What you have to do -> Your answer must be the records below repeated word for word, with no pictures in it.
┌─ Available records
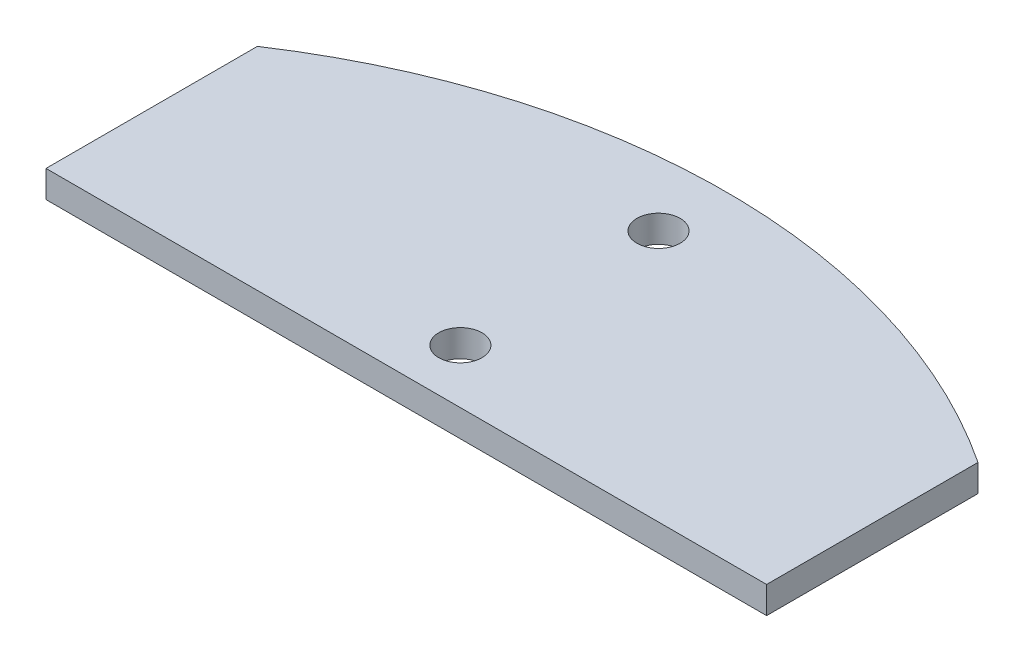
SolidWorks part; units mm, degrees
material "Acrylic (Medium-high impact)"
ref_plane "Front Plane" through (0, 0, 0) normal (0, 0, 1) x (1, 0, 0)
ref_plane "Top Plane" through (0, 0, 0) normal (0, 1, 0) x (1, 0, 0)
ref_plane "Right Plane" through (0, 0, 0) normal (1, 0, 0) x (0, 0, -1)
sketch "Sketch1" plane through (0, 0, 0) normal (0, 1, 0) x (1, 0, 0)
  line L0 (0, -85) -> (-32.4891, -64.8129) construction
  line L1 (0, -85) -> (0, 0) construction
  arc A0 (36.5434, -62.6165) -> (-36.5434, -62.6165) centre (0, 0) ccw
  arc A1 (30.0898, -61.3851) -> (-30.0898, -61.3851) centre (0, -85) ccw
  arc A2 (-30.0898, -61.3851) -> (-36.5434, -62.6165) centre (-34.0231, -58.2982) cw
  arc A3 (36.5434, -62.6165) -> (30.0898, -61.3851) centre (34.0231, -58.2982) cw
  dimension "D1" = 145
  dimension "D2" = 76.5
  dimension "D4" = 5
  dimension "D3" = 85
extrude "Boss-Extrude1" add sketch "Sketch1" along normal blind 3
sketch "Sketch11" plane through (0, 0, 0) normal (0, -1, 0) x (1, 0, 0)
  line L1 (40, -37) -> (-40, -37)
  line L2 (40, -37) -> (40, -77)
  line L3 (40, -77) -> (-40, -77)
  line L4 (-40, -37) -> (-40, -77)
  line L5 (40, -37) -> (-40, -77) construction
  line L6 (40, -77) -> (-40, -37) construction
  arc A0 (7.8724, -66.4231) -> (-7.8724, -66.4231) centre (0, -65) ccw construction
  point P0 (0, -57)
  dimension "D1" = 80
  dimension "D2" = 40
extrude "Cut-Extrude13" cut sketch "Sketch11" against normal through all flip side to cut
sketch "Sketch12" plane through (0, 0, 0) normal (0, -1, 0) x (1, 0, 0)
  circle A0 centre (0, -65) radius 2.4
  circle A1 centre (0, -43) radius 2.4
  dimension "D1" = 4.8
  dimension "D2" = 22
extrude "Cut-Extrude15" cut sketch "Sketch12" against normal through all
equation "\"smallPulleyTeeth\"= 30"
equation "\"largePulleyTeeth\"= 30"
equation "\"eighthThick\"= 3.0mm"
equation "\"sixteenthThick\" = 1.7mm"
equation "\"quarterThick\"=6.0mm"
equation "\"OD\" = 145mm"
equation "\"puckAngle\" = 60.5deg"
equation "\"D1@Sketch1\"=\"OD\""
equation "\"puckDiam\" = 76.5mm"
equation "\"D2@Sketch1\"=\"puckDiam\""
equation "\"D1@Boss-Extrude1\"=\"eighthThick\""
equation "\"axlePress\" = 5.9mm"
equation "\"press\" = 0.2mm"
equation "\"wheelClear\" = 0.3mm"
equation "\"10-32clear\" = 4.8mm"
equation "\"6-32clear\" = 3.3mm"
equation "\"8-32clear\" = 4.0mm"
equation "\"wheelHeight\" = 22mm"
equation "\"wheelWell\" = 65mm"
equation "\"D1@Sketch3\"=\"wheelWell\""
equation "\"puckDist\" = 85mm"
equation "\"scoopFillet\" = 5mm"
equation "\"4-40clear\" = 3.0mm"
equation "\"D3@Sketch1\"=\"puckDist\""
equation "\"D4@Sketch1\"=\"scoopFillet\""
equation "\"D3@Sketch9\"=\"6-32clear\""
equation "\"D1@Sketch12\"=\"10-32clear\""
└─
Completed exercise ->
SolidWorks part; units mm, degrees
material "Acrylic (Medium-high impact)"
ref_plane "Front Plane" through (0, 0, 0) normal (0, 0, 1) x (1, 0, 0)
ref_plane "Top Plane" through (0, 0, 0) normal (0, 1, 0) x (1, 0, 0)
ref_plane "Right Plane" through (0, 0, 0) normal (1, 0, 0) x (0, 0, -1)
sketch "Sketch1" plane through (0, 0, 0) normal (0, 1, 0) x (1, 0, 0)
  line L0 (0, -85) -> (-32.4891, -64.8129) construction
  line L1 (0, -85) -> (0, 0) construction
  arc A0 (36.5434, -62.6165) -> (-36.5434, -62.6165) centre (0, 0) ccw
  arc A1 (30.0898, -61.3851) -> (-30.0898, -61.3851) centre (0, -85) ccw
  arc A2 (-30.0898, -61.3851) -> (-36.5434, -62.6165) centre (-34.0231, -58.2982) cw
  arc A3 (36.5434, -62.6165) -> (30.0898, -61.3851) centre (34.0231, -58.2982) cw
  dimension "D1" = 145
  dimension "D2" = 76.5
  dimension "D4" = 5
  dimension "D3" = 85
extrude "Boss-Extrude1" add sketch "Sketch1" along normal blind 3
sketch "Sketch11" plane through (0, 0, 0) normal (0, -1, 0) x (1, 0, 0)
  line L1 (40, -37) -> (-40, -37)
  line L2 (40, -37) -> (40, -77)
  line L3 (40, -77) -> (-40, -77)
  line L4 (-40, -37) -> (-40, -77)
  line L5 (40, -37) -> (-40, -77) construction
  line L6 (40, -77) -> (-40, -37) construction
  arc A0 (7.8724, -66.4231) -> (-7.8724, -66.4231) centre (0, -65) ccw construction
  point P0 (0, -57)
  dimension "D1" = 80
  dimension "D2" = 40
extrude "Cut-Extrude13" cut sketch "Sketch11" against normal through all flip side to cut
sketch "Sketch12" plane through (0, 0, 0) normal (0, -1, 0) x (1, 0, 0)
  circle A0 centre (0, -65) radius 2.4
  circle A1 centre (0, -43) radius 2.4
  dimension "D1" = 4.8
  dimension "D2" = 22
extrude "Cut-Extrude15" cut sketch "Sketch12" against normal through all
equation "\"smallPulleyTeeth\"= 30"
equation "\"largePulleyTeeth\"= 30"
equation "\"eighthThick\"= 3.0mm"
equation "\"sixteenthThick\" = 1.7mm"
equation "\"quarterThick\"=6.0mm"
equation "\"OD\" = 145mm"
equation "\"puckAngle\" = 60.5deg"
equation "\"D1@Sketch1\"=\"OD\""
equation "\"puckDiam\" = 76.5mm"
equation "\"D2@Sketch1\"=\"puckDiam\""
equation "\"D1@Boss-Extrude1\"=\"eighthThick\""
equation "\"axlePress\" = 5.9mm"
equation "\"press\" = 0.2mm"
equation "\"wheelClear\" = 0.3mm"
equation "\"10-32clear\" = 4.8mm"
equation "\"6-32clear\" = 3.3mm"
equation "\"8-32clear\" = 4.0mm"
equation "\"wheelHeight\" = 22mm"
equation "\"wheelWell\" = 65mm"
equation "\"D1@Sketch3\"=\"wheelWell\""
equation "\"puckDist\" = 85mm"
equation "\"scoopFillet\" = 5mm"
equation "\"4-40clear\" = 3.0mm"
equation "\"D3@Sketch1\"=\"puckDist\""
equation "\"D4@Sketch1\"=\"scoopFillet\""
equation "\"D3@Sketch9\"=\"6-32clear\""
equation "\"D1@Sketch12\"=\"10-32clear\""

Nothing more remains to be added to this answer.